When considering cyber threats, security professionals may find it helpful to consider the cyber kill chain model, which describes the stages of a cyberattack to anticipate and prevent threats. Stages include reconnaissance, weaponization, delivery, exploitation, installation, command and control, actions on objective, and monetization. This gives a framework for likely intruder actions and what steps we can take to prevent or stop an operation in its tracks.

Another important security concept is that of penetration testing, or pen testing. Pen testing operations attempt to penetrate a network. This reveals how cyberattacks, or even physical intrusions, can be performed so that they can be prevented.

Bug hunting is a related pursuit, focusing on vulnerabilities in individual software so it can be patched. This, of course, only works if the software is actually patched — excellent motivation for system administrators to keep software up-to-date.


The nature of cyberattacks is always changing. For an update on where we are as of February 2024, read this cybercrime update.
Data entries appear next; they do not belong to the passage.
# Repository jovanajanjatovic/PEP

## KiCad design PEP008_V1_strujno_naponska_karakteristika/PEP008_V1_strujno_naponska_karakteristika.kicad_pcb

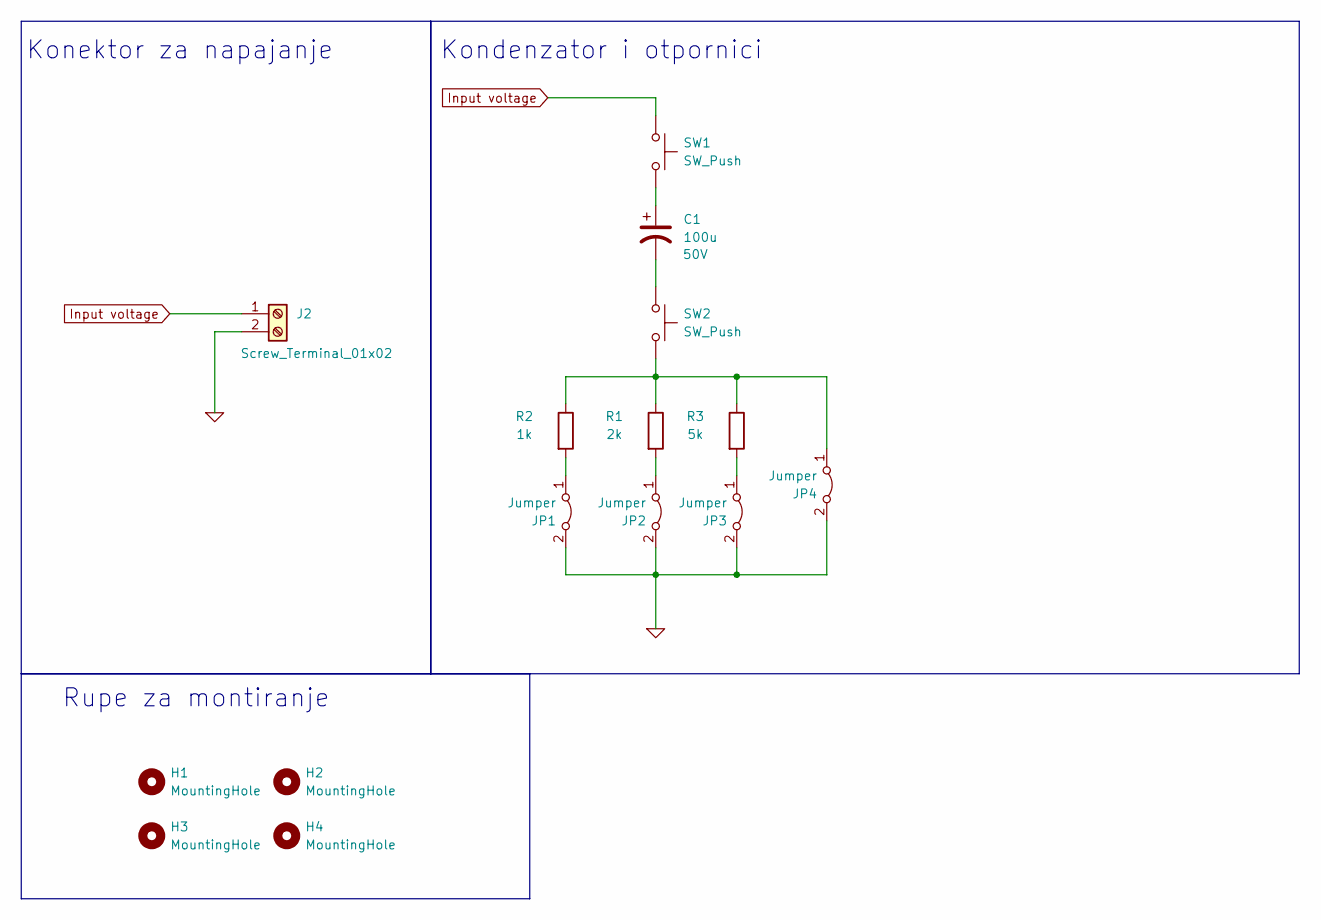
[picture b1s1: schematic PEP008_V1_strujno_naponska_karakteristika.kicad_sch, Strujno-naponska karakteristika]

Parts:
C1: 100u; CP_Radial_D8.0mm_P3.50mm; Voltage 50V
H1, H2, H3, H4: MountingHole; MountingHole_3.2mm_M3_ISO14580_Pad_TopBottom
J2: Screw_Terminal_01x02; TerminalBlock_Phoenix_MKDS-1,5-2-5.08_1x02_P5.08mm_Horizont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
JP1, JP2, JP3, JP4: Jumper; PinHeader_1x02_P2.54mm_Vertical
R1: 2k; R_1206_3216Metric_Pad1.30x1.75mm_HandSolder
R2: 1k; R_1206_3216Metric_Pad1.30x1.75mm_HandSolder
R3: 5k; R_1206_3216Metric_Pad1.30x1.75mm_HandSolder
SW1, SW2: SW_Push; SW_PUSH_6mm_H4.3mm

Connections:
0: J2.2, JP1.2 (B), JP2.2 (B), JP3.2 (B), JP4.2 (B)
Input voltage: J2.1, SW1.1
unnamed 2: C1.1, SW1.2; also elsewhere on the board
unnamed 3: C1.2, SW2.1; also elsewhere on the board
unnamed: JP1.1 (A), R2.2
unnamed: JP2.1 (A), R1.2
unnamed: JP3.1 (A), R3.2
unnamed: JP4.1 (A), R1.1, R2.1, R3.1, SW2.2

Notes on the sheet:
Rupe za montiranje
Konektor za napajanje
Kondenzator i otpornici

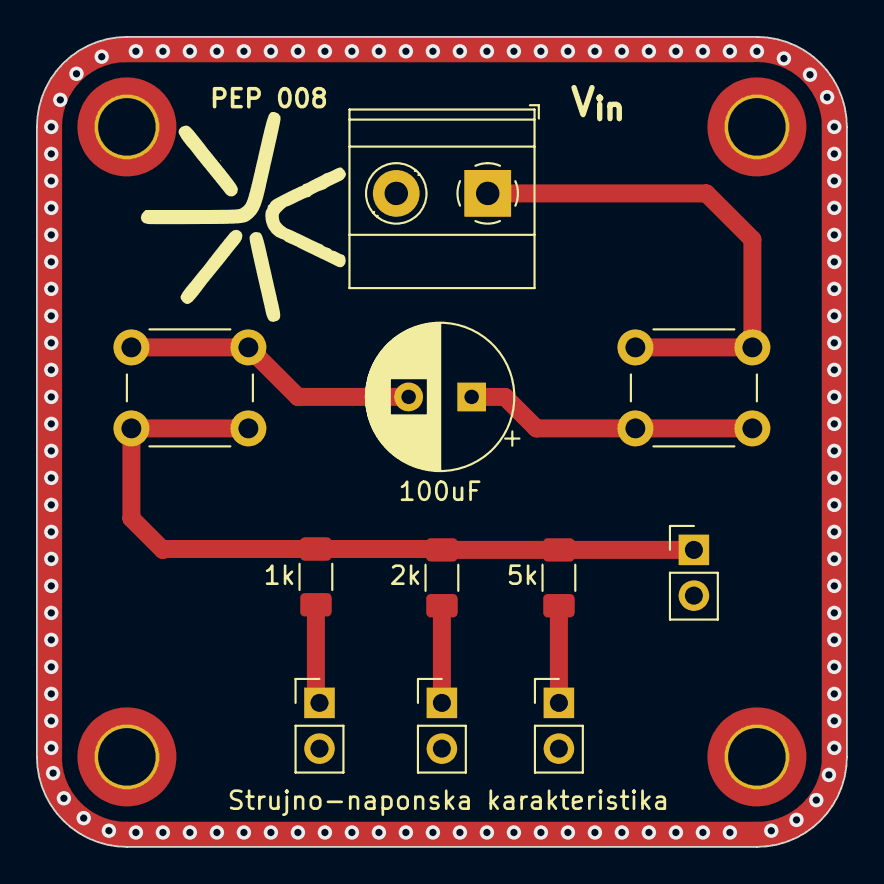
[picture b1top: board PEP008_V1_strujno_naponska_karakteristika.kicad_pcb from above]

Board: 2 copper layers, 45.0 x 45.0 mm, 15 parts (0 on the bottom side), 8 nets.

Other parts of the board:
100uF: 100u; CP_Radial_D8.0mm_P3.50mm

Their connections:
unnamed 2: 100uF.1; also elsewhere on the board
unnamed 3: 100uF.2; also elsewhere on the board

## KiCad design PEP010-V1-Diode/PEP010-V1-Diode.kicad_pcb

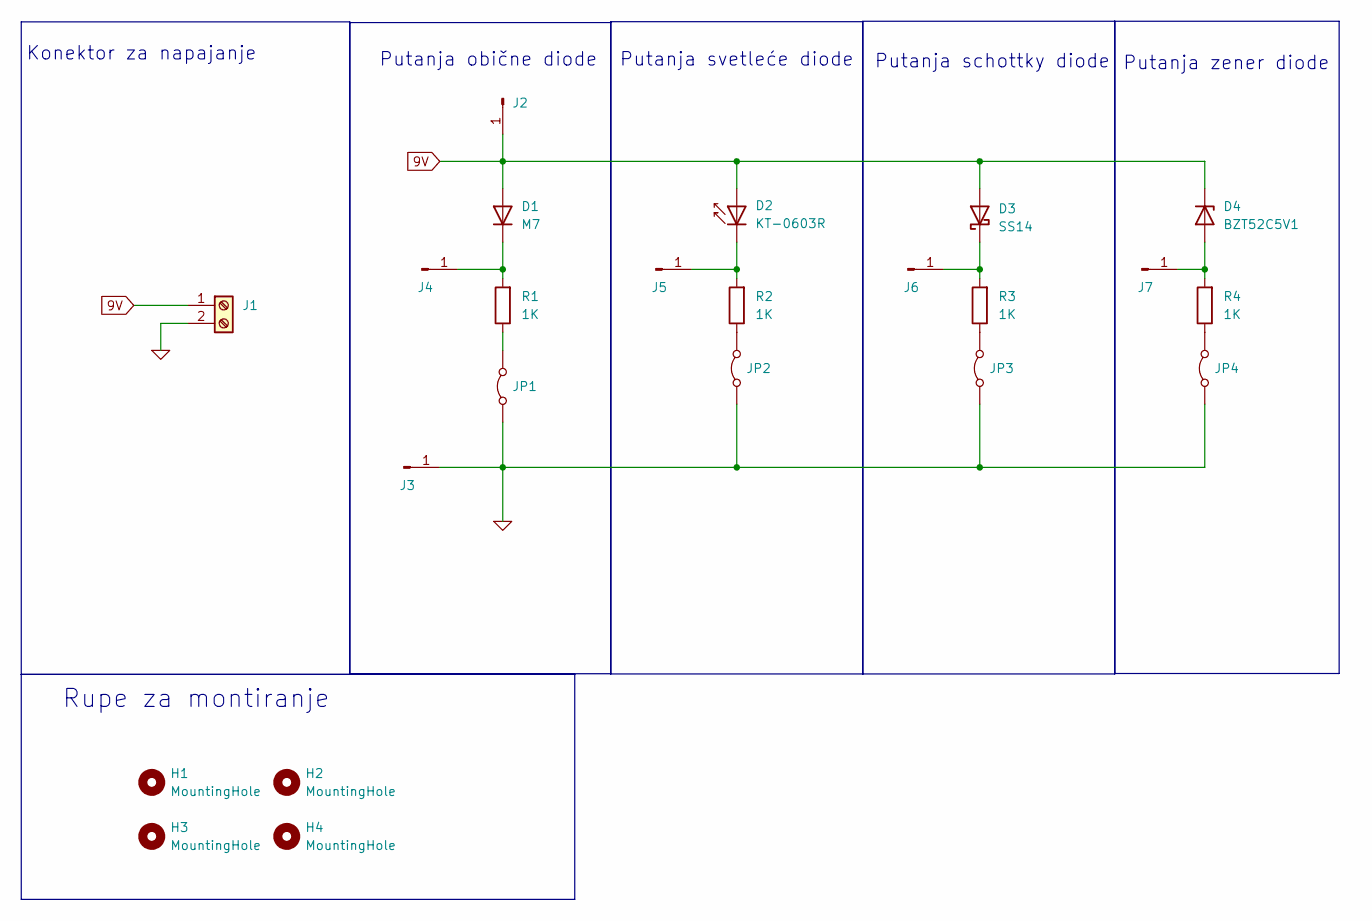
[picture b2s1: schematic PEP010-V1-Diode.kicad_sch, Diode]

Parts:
D1: M7; D_SMA; LCSC C95872
D2: KT-0603R; D_0603; LCSC C2286
D3: SS14; D_SMA; LCSC C2480
D4: BZT52C5V1; D_SOD-123; LCSC C173407
H1, H2, H3, H4: MountingHole; MountingHole_3.2mm_M3_ISO14580_Pad_TopBottom
J1: Screw_Terminal_01x02; TerminalBlock_Phoenix_MKDS-1,5-2-5.08_1x02_P5.08mm_Horizont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
J2, J3, J4, J5, J6, J7: Conn_01x01_Pin; PinHeader_1x01_P2.54mm_Vertical
JP1, JP2, JP3, JP4: Jumper_2_Bridged; PinHeader_1x02_P2.54mm_Vertical
R1, R2, R3, R4: 1K; R_1206_3216Metric; LCSC C4410

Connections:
0: J1.2, J3.1, JP1.1 (A), JP2.1 (A), JP3.1 (A), JP4.1 (A)
9V: D1.2 (A), D2.2 (A), D3.2 (A), D4.1 (K), J1.1, J2.1
unnamed: D1.1 (K), J4.1, R1.2
unnamed: D2.1 (K), J5.1, R2.2
unnamed: D3.1 (K), J6.1, R3.2
unnamed: D4.2 (A), J7.1, R4.2
unnamed: JP1.2 (B), R1.1
unnamed: JP2.2 (B), R2.1
unnamed: JP3.2 (B), R3.1
unnamed: JP4.2 (B), R4.1

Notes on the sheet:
Rupe za montiranje
Putanja svetleće diode
Konektor za napajanje
Putanja obične diode
Putanja schottky diode
Putanja zener diode

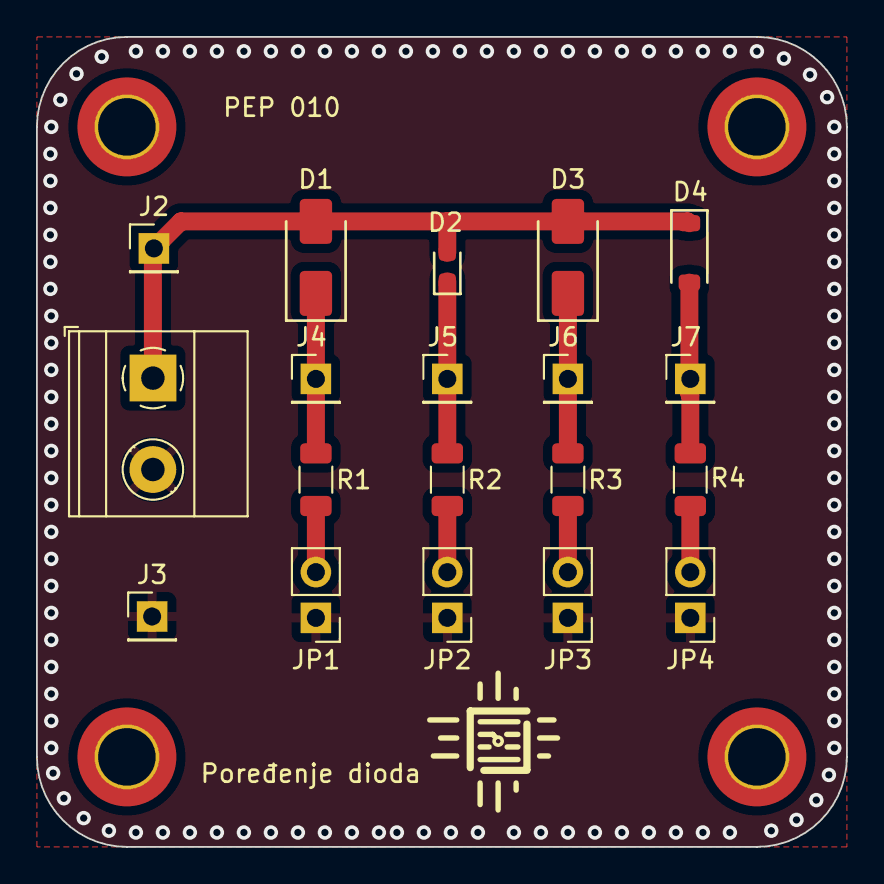
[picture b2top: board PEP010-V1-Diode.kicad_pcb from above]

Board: 2 copper layers, 45.0 x 45.0 mm, 23 parts (0 on the bottom side), 10 nets.

This outlines trends such as commercial spyware, AI-driven APTs, and flawed RMMs.


What is a tailgating attack?

A tailgating attack in the physical sense is following someone with access into a restricted area. For example, if an employee must swipe an RFID access tag to gain entry to a certain area, an attacker can often simply follow that person in with little suspicion. In the same way, if someone logs onto a network legitimately and then leaves the computer open when not present, an attacker could then access the network. He could potentially install malware, steal files, access restricted information, or other computer malfeasance.

What are the four common types of cyberattacks?

While there are many different types of cyberattacks, four of the most prominent types include:

  • Social Engineering – Tricking someone into compromising a system
  • Ransomware – Typically using compromised data to force users to pay a ransom for its return
  • Denial-of-Service – Flooding a service with fake traffic to exclude legitimate use
  • Man-in-the-Middle (MiTM) – Intercepting communications between two devices


Cyberattacks attempt to compromise a computer system or network, often for monetary extortion or political aims. These attacks come in a number of different forms, including social engineering (aka phishing), account compromise, malware, exploits, and more. IT personnel and network users must stay on guard for such threats via prevention, detection, and response. A comprehensive security platform like SentinelOne can be an important tool to keep threat actors at bay.